What the exercise asks
Repeat only the stretch of lines below that runs from the line with "#78=EDGE_LOOP('',(#77));" through the line with "#96=CARTESIAN_POINT('',(-55.7,-32.5,-4.));", unaltered.
─── Data section ───
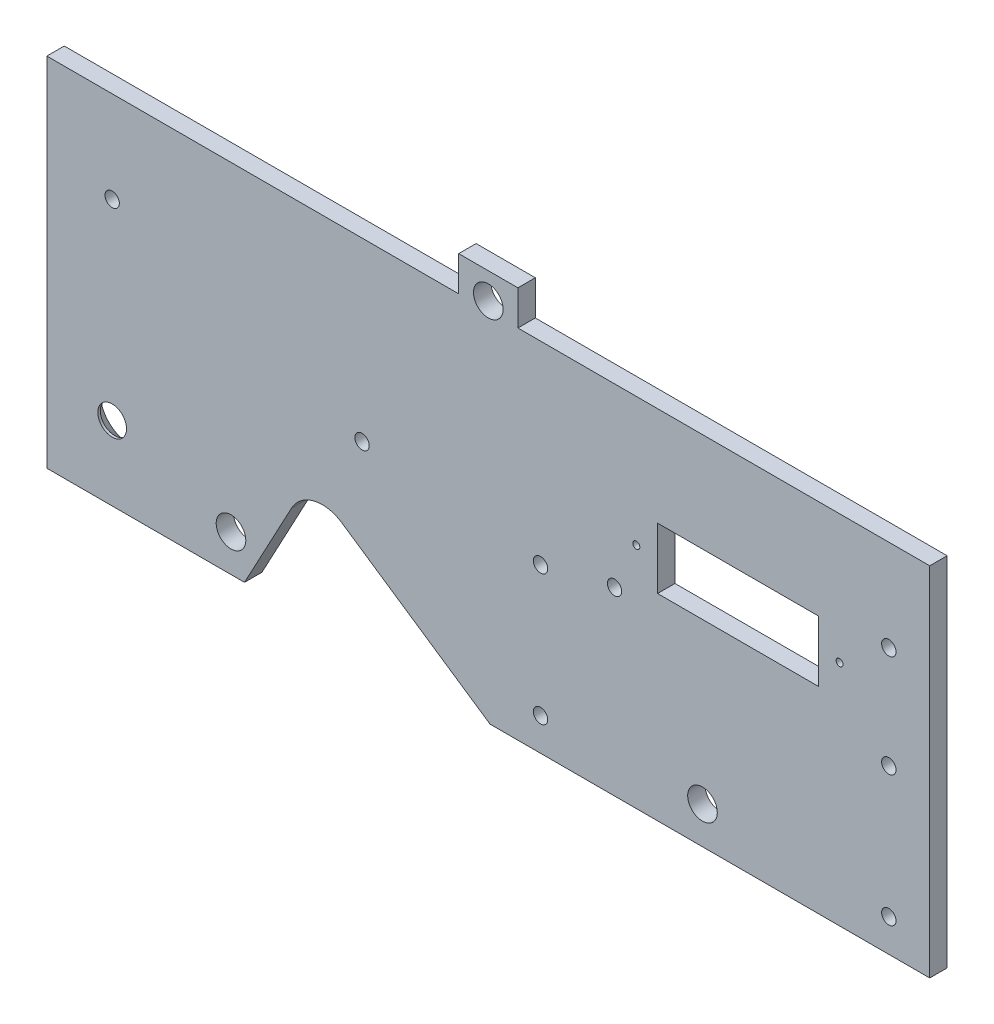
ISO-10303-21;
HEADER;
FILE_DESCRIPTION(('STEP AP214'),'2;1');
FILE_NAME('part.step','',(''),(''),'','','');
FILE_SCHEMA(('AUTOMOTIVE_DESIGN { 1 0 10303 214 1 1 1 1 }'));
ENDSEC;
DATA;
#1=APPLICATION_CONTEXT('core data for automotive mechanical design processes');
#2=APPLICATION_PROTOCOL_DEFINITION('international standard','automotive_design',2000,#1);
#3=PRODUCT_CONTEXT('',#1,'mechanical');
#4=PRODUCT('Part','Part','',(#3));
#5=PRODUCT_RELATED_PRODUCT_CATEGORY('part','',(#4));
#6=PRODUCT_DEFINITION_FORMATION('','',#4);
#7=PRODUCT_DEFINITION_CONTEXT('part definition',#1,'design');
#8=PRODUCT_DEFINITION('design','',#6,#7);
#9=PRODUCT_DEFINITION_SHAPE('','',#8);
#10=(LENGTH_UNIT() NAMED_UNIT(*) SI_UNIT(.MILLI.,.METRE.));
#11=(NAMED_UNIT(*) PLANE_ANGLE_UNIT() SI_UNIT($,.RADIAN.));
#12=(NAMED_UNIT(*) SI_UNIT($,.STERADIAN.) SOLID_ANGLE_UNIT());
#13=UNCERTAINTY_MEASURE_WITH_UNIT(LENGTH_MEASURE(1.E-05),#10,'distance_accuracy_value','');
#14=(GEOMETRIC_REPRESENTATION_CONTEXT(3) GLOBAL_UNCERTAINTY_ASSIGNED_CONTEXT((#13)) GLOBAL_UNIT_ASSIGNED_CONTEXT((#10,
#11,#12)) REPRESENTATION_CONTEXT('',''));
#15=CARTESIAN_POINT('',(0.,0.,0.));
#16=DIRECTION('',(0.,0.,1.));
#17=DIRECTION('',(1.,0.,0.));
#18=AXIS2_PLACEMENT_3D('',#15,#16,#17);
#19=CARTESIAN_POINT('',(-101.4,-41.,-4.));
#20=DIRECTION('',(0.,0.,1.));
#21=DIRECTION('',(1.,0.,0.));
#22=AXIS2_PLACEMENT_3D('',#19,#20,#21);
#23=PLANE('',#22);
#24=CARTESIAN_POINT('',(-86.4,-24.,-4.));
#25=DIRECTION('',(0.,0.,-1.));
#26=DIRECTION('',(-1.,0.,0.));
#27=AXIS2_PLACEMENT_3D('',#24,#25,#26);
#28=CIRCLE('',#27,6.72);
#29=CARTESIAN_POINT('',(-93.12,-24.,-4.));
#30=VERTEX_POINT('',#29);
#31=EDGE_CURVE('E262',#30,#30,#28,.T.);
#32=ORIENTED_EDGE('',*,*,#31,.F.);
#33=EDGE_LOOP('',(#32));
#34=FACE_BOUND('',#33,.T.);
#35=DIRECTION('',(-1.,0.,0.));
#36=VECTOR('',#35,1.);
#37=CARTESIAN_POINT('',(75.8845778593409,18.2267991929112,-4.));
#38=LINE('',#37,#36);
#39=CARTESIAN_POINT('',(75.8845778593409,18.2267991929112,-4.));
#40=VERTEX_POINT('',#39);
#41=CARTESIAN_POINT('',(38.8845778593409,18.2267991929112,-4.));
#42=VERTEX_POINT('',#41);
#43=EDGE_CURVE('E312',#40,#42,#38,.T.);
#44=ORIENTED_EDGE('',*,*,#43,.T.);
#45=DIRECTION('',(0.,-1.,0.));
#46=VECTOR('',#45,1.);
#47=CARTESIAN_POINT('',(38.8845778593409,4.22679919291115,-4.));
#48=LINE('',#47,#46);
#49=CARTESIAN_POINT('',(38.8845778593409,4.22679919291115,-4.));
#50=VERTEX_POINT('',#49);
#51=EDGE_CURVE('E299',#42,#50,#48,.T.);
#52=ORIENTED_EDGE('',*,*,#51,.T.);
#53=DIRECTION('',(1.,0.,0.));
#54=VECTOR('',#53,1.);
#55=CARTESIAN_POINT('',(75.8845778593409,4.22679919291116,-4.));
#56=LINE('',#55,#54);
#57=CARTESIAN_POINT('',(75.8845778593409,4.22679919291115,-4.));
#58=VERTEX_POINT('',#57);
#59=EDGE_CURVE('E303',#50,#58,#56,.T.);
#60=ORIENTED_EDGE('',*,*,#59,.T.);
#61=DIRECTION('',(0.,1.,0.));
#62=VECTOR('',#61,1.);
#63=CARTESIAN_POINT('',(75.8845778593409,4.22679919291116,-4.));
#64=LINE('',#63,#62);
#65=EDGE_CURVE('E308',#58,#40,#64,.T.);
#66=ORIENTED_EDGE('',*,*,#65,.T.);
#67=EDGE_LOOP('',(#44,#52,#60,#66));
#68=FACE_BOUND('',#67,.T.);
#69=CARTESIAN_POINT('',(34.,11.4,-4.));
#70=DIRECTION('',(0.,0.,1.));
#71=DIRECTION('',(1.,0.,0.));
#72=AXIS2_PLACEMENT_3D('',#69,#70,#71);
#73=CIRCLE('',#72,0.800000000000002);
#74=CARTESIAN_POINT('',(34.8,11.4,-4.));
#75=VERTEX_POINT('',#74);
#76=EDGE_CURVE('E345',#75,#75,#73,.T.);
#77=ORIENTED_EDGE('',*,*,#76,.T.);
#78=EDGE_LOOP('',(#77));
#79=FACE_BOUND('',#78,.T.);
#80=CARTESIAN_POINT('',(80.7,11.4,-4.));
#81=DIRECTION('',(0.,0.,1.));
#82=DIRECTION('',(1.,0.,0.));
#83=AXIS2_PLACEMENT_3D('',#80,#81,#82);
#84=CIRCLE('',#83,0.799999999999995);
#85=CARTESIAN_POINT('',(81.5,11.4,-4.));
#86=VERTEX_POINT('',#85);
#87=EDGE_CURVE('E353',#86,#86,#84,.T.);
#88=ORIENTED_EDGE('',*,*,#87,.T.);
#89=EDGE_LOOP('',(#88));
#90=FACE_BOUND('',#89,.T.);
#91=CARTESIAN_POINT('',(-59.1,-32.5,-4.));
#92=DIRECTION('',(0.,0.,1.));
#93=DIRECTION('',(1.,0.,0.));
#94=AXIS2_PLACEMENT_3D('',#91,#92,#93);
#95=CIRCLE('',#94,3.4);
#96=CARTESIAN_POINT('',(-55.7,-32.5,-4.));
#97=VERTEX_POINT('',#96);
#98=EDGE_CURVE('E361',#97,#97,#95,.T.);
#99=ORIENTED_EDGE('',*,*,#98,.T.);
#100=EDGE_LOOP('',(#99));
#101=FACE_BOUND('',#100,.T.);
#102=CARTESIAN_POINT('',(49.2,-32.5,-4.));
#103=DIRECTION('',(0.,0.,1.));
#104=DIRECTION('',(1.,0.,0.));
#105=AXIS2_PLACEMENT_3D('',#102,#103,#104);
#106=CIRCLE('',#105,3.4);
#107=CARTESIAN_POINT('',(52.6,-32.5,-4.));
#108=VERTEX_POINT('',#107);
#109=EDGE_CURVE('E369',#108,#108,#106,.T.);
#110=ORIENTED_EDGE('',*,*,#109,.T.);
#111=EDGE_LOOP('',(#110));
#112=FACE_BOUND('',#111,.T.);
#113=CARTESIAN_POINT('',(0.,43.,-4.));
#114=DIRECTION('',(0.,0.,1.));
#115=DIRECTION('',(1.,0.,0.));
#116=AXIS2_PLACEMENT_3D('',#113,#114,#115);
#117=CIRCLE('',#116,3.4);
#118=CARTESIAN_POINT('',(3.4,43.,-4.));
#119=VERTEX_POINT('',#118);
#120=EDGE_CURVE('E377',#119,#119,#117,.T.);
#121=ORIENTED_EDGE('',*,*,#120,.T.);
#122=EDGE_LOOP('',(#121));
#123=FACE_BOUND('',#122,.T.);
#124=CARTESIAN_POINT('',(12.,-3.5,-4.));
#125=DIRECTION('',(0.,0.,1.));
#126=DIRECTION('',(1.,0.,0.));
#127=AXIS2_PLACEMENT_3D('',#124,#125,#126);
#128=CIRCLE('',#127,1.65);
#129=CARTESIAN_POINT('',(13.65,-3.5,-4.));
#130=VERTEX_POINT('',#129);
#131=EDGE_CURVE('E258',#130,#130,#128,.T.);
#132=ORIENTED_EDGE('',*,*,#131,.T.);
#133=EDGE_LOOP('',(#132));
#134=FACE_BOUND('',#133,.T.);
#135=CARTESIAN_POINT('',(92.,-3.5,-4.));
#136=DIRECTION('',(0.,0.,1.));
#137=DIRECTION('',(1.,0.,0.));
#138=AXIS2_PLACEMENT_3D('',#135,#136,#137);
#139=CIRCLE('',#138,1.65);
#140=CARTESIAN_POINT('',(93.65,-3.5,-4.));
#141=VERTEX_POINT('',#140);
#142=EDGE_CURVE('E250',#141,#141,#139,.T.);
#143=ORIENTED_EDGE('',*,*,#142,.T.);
───
Reply to the task
#78=EDGE_LOOP('',(#77));
#79=FACE_BOUND('',#78,.T.);
#80=CARTESIAN_POINT('',(80.7,11.4,-4.));
#81=DIRECTION('',(0.,0.,1.));
#82=DIRECTION('',(1.,0.,0.));
#83=AXIS2_PLACEMENT_3D('',#80,#81,#82);
#84=CIRCLE('',#83,0.799999999999995);
#85=CARTESIAN_POINT('',(81.5,11.4,-4.));
#86=VERTEX_POINT('',#85);
#87=EDGE_CURVE('E353',#86,#86,#84,.T.);
#88=ORIENTED_EDGE('',*,*,#87,.T.);
#89=EDGE_LOOP('',(#88));
#90=FACE_BOUND('',#89,.T.);
#91=CARTESIAN_POINT('',(-59.1,-32.5,-4.));
#92=DIRECTION('',(0.,0.,1.));
#93=DIRECTION('',(1.,0.,0.));
#94=AXIS2_PLACEMENT_3D('',#91,#92,#93);
#95=CIRCLE('',#94,3.4);
#96=CARTESIAN_POINT('',(-55.7,-32.5,-4.));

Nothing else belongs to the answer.